*Problem statement*. Your response should contain each line of the data that includes "VECTOR".

-- Opening Marker --

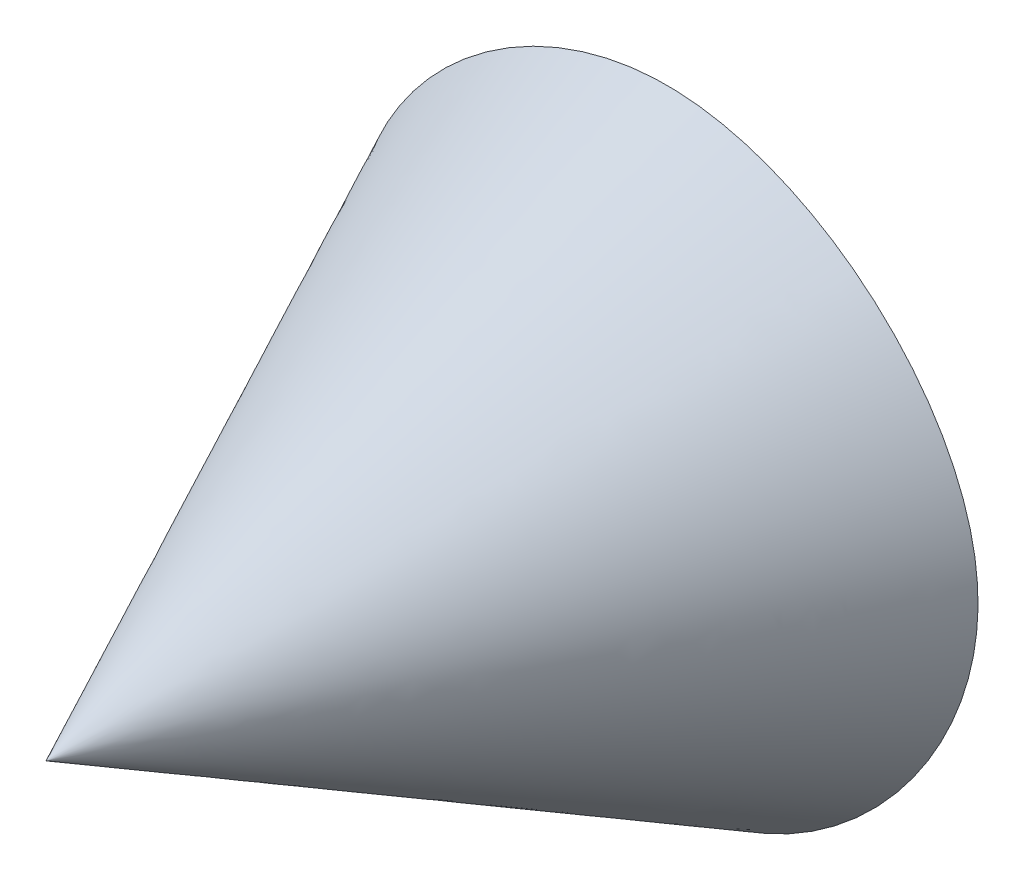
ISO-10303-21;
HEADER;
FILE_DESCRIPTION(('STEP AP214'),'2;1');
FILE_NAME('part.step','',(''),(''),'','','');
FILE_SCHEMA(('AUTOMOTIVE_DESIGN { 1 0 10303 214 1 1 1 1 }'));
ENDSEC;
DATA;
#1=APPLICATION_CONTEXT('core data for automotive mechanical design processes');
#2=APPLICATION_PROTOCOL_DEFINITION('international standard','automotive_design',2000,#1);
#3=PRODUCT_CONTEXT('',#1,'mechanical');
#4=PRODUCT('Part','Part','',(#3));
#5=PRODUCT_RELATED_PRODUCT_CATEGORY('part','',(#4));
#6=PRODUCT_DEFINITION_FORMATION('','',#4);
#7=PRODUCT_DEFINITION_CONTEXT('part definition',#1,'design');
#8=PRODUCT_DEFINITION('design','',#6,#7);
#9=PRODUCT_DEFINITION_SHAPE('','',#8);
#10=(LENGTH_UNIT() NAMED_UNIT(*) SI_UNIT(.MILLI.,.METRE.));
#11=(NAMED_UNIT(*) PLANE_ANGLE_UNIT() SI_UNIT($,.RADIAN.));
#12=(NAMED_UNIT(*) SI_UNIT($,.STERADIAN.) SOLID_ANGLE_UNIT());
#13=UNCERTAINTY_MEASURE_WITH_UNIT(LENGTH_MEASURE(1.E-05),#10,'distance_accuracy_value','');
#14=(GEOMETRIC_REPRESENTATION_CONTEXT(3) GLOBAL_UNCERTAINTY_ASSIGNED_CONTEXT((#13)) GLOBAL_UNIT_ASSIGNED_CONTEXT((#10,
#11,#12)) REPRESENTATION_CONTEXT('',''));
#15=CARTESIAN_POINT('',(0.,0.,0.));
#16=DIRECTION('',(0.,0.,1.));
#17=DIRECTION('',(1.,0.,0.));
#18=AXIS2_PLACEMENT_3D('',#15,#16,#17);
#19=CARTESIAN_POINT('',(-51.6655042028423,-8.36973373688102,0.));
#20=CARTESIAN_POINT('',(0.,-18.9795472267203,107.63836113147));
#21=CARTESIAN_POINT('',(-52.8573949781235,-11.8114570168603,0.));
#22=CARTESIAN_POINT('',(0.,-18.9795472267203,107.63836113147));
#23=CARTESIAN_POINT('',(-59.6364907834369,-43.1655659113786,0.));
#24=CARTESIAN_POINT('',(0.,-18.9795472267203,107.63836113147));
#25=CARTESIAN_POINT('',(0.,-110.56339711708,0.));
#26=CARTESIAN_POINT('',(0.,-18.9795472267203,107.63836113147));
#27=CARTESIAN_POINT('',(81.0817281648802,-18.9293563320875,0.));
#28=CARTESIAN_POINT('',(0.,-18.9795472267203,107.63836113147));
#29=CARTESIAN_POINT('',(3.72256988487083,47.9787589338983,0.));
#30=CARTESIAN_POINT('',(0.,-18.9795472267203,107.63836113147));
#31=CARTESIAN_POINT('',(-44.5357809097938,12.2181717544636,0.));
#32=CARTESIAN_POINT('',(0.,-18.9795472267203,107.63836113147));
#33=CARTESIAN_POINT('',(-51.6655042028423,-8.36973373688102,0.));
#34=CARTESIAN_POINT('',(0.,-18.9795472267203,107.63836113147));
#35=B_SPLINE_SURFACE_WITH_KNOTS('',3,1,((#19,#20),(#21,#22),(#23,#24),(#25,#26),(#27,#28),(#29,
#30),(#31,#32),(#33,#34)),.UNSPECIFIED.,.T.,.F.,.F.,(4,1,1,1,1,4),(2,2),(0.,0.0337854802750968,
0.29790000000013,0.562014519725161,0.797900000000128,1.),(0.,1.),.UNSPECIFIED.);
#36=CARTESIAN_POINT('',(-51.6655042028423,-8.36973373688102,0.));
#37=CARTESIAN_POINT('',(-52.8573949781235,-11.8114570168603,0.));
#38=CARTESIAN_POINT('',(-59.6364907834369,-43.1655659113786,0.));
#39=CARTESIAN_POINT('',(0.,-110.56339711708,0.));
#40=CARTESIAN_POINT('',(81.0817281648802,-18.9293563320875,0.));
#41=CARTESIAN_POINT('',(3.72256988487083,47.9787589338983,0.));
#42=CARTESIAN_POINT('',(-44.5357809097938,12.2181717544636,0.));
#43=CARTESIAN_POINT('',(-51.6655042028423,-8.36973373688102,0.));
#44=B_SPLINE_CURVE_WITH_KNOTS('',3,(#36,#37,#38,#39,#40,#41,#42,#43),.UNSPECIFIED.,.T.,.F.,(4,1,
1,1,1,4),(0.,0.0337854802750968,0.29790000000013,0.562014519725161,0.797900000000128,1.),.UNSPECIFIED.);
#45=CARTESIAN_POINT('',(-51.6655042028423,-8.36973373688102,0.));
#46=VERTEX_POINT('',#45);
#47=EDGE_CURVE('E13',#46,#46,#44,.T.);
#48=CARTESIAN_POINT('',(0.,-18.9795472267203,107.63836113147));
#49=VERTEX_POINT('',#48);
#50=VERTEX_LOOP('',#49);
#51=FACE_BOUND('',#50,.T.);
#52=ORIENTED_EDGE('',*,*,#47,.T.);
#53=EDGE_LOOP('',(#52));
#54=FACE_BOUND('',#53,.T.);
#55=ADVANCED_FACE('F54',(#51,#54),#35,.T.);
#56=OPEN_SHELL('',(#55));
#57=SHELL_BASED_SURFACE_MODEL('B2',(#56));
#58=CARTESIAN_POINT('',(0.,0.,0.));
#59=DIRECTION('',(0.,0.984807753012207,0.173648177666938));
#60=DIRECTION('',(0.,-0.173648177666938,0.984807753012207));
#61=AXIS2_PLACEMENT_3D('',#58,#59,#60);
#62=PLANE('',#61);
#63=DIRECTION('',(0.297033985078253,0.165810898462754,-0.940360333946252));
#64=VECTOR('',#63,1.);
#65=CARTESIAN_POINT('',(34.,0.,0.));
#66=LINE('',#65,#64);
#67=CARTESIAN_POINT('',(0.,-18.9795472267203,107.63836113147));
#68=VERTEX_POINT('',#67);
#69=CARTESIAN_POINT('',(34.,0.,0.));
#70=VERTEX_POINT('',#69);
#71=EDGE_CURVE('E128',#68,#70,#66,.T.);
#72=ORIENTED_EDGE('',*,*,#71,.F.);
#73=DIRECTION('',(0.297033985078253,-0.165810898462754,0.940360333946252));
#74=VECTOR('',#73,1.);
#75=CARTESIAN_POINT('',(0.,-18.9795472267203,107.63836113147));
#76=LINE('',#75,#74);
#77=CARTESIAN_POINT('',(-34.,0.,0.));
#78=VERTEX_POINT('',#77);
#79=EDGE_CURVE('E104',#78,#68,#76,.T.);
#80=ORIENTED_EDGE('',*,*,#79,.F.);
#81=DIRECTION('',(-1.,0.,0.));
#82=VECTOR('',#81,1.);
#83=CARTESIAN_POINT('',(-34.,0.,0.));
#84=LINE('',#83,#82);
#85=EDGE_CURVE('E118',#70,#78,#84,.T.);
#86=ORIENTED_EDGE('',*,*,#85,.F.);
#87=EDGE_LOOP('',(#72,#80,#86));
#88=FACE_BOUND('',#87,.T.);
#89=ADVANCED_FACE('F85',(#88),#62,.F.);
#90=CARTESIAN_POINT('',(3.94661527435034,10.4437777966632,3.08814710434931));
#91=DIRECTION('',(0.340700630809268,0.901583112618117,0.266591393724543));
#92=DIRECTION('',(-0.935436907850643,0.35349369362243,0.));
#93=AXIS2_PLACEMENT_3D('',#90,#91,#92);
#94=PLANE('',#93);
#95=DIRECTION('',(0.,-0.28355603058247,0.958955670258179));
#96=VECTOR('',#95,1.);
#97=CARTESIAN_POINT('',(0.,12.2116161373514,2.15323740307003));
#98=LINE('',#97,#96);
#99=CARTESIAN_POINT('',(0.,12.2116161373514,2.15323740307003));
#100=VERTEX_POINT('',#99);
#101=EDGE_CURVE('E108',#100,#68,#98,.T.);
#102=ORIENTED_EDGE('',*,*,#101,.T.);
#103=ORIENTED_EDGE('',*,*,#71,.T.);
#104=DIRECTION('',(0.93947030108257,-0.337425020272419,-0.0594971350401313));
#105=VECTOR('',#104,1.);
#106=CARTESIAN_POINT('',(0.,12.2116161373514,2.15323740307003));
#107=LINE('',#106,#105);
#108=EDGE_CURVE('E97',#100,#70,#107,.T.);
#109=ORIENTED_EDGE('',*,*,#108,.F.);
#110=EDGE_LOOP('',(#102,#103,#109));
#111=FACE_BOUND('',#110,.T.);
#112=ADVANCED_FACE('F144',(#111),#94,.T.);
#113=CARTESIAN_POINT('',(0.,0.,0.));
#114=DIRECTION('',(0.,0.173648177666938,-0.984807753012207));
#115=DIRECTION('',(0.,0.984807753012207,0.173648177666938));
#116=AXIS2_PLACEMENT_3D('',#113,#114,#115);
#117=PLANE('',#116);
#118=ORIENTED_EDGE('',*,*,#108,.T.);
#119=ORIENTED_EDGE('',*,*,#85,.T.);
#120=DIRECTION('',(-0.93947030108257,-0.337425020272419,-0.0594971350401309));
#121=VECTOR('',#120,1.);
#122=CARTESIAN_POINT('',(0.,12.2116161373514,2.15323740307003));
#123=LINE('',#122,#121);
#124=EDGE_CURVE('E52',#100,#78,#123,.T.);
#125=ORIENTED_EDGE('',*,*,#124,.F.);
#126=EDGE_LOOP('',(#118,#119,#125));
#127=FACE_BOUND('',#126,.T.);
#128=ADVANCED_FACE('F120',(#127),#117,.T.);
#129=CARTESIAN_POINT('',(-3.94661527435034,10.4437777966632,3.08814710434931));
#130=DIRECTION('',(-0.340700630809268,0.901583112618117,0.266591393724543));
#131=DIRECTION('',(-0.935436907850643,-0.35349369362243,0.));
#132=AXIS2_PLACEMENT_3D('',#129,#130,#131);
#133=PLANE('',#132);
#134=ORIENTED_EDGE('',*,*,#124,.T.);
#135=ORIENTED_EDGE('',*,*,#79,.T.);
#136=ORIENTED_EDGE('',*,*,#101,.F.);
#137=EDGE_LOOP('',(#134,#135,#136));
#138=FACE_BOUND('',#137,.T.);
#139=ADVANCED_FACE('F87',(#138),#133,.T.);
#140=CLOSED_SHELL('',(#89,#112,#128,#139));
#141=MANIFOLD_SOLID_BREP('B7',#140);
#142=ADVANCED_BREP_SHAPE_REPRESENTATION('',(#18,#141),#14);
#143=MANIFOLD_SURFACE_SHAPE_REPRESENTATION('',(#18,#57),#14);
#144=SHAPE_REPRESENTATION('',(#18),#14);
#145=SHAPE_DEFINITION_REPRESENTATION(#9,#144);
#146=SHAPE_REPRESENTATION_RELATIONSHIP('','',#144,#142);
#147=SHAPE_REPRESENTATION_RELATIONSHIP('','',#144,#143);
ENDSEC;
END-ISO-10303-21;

-- Closing Marker --

*Written solution*.
#64=VECTOR('',#63,1.);
#74=VECTOR('',#73,1.);
#82=VECTOR('',#81,1.);
#96=VECTOR('',#95,1.);
#105=VECTOR('',#104,1.);
#121=VECTOR('',#120,1.);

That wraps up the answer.